When she went into the dining room, Gideon sank into a pensive silence while Phil and John continued to toss around ideas. A grotesque thought, almost too bizarre to consider seriously, had begun noodling away at him. Was it possible that they had it wrong, that everybody had it wrong?
He got up, went to the railing without a word — “Have we offended the fellow in some way?” Phil asked John — and gazed outward toward the wall of darkening green, his hands trailing abstractedly back and forth over the ebony-stained teak rail, warm and smooth against his palms. The steaming, still rain forest, so much closer here on the Javaro than it had been on the Amazon, slid monotonously by. Below him, the brown river whispered against the metal side of the ship. Gideon didn’t see the jungle, didn’t hear the water. His mind was absorbed in poking like a prodding finger at this not yet wholly formed idea of his, probing for flaws, testing for soundness, searching for a place to put the piece that didn’t fit… .
Only yards from his face, a brilliant red macaw suddenly fluttered up from a branch with an indignant squawk and flapped away into the dimness of the interior. It startled him enough that his mind jumped from the unproductive rut it had dug itself into, and the final piece fell into place.
He thumped his fist gently against his palm — an unconscious gesture of self-satisfaction — and turned to face the others. “We got it backwards,” he said softly, urgently. “Sonofagun. Everybody got it backwards.”
“What are we talking about now?” Phil wondered.
“Got what backwards?” asked John.
“The way it happened. The order of events. First we assumed Maggie was thrown overboard after Arden. Then we assumed—”
“Still talking about me, I see,” Maggie said, coming from the dining room with her refilled bottle. She put her hand to her heart and wiggled her fingers. “Flutter, flutter.” Her left eyebrow was characteristically arched, her mouth ironically set, her voice typically mocking, but there was something unmistakably wary in her expression, in her taut shoulders.
Damn, Gideon thought. Why did I burst out with it like that? Why couldn’t I shut up until she was gone? Surely she’d heard enough to guess where he was going, and it was too late to start waffling now. Maggie was too smart for that, too quick on the uptake. There was but one way to go. He took in a breath and went there.

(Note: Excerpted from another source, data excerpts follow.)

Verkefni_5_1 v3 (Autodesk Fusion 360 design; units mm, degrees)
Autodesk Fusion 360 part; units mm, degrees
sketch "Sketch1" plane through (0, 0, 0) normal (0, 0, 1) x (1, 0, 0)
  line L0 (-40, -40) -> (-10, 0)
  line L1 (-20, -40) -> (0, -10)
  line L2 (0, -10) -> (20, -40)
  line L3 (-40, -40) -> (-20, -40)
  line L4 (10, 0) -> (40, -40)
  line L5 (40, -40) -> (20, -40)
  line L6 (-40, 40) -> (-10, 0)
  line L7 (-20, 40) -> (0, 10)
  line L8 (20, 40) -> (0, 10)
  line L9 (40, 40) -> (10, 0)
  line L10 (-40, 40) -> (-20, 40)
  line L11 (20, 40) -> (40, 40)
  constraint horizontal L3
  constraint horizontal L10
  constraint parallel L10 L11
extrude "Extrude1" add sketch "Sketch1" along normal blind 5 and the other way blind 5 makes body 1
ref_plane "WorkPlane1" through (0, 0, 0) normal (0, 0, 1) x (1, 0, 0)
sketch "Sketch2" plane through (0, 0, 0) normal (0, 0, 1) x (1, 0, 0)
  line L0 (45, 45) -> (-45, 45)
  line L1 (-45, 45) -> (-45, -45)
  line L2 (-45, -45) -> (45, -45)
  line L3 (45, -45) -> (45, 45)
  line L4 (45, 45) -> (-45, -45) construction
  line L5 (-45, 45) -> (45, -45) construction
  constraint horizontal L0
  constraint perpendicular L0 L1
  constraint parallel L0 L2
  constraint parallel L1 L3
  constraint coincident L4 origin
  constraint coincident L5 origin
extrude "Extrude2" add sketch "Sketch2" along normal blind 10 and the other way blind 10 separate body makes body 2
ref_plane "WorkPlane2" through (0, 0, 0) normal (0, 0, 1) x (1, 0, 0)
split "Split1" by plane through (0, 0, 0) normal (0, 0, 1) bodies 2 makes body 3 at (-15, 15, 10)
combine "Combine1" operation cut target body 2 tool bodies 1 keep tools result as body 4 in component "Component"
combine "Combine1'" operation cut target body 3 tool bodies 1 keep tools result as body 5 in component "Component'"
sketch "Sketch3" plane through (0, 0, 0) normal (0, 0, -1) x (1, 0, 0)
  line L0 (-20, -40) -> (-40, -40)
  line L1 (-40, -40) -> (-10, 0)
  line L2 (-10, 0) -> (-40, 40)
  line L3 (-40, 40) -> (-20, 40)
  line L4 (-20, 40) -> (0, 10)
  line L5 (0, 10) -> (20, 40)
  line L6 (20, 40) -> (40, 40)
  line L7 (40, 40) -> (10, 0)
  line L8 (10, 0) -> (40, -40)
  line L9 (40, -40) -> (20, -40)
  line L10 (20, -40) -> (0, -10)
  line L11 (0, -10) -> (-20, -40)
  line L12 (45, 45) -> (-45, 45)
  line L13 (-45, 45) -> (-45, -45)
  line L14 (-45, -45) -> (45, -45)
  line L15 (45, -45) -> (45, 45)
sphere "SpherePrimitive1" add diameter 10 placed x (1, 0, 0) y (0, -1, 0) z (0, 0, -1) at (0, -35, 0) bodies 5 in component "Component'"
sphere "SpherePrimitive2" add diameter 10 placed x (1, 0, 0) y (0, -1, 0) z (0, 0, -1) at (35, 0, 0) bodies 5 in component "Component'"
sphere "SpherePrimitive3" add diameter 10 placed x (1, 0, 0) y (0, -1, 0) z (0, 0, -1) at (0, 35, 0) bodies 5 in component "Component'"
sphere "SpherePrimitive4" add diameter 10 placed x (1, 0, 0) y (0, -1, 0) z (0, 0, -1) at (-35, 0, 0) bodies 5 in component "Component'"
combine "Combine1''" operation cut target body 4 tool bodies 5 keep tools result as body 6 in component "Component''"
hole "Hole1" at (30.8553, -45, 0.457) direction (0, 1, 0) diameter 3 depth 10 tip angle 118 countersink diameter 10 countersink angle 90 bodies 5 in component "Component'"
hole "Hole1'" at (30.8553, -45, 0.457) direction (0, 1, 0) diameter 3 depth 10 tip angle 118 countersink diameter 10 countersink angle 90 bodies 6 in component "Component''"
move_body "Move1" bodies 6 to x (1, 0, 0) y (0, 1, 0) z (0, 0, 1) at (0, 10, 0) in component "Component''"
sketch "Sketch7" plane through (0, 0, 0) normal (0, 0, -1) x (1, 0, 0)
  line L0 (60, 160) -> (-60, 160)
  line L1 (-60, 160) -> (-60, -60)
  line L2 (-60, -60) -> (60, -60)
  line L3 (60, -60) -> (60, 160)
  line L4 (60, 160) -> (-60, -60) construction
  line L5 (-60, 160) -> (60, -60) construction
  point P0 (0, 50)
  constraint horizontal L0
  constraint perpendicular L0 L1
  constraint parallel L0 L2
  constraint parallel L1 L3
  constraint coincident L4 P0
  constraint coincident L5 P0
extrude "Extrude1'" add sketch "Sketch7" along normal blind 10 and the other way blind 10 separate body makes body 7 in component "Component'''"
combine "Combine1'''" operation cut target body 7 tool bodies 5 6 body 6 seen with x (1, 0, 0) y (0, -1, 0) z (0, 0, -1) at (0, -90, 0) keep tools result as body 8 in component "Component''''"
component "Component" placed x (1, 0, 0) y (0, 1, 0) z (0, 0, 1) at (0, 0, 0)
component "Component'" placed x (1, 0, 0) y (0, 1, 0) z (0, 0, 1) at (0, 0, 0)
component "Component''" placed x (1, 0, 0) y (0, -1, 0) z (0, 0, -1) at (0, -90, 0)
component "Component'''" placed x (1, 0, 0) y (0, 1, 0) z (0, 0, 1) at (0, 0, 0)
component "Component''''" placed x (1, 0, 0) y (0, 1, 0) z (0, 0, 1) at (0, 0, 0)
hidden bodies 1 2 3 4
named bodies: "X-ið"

“Maggie,” he said, “you killed Arden. You threw him overboard.”
In the charged silence that fell on them John and Phil goggled at him in mute amazement.
Maggie, however, was up to the challenge. “Oh, really?” she said sardonically, her eyebrow arching even higher, her voice falling even lower. “Was that before or after he threw me overboard?”
“Arden never threw you overboard.”
“If this is your idea of a joke, I have to say—”
“No joke.”
She faltered. Her composure began to disintegrate. A tic jerked beside her right eye. “Gideon, I don’t know what you’ve been smoking, but you’re on dangerous ground here. Arden did throw me over, or at least somebody did, but you keep changing your mind about who, and after that he—”
“Uh-uh, Maggie, that whole thing about him, what happened there on the deck — it was all a lie.”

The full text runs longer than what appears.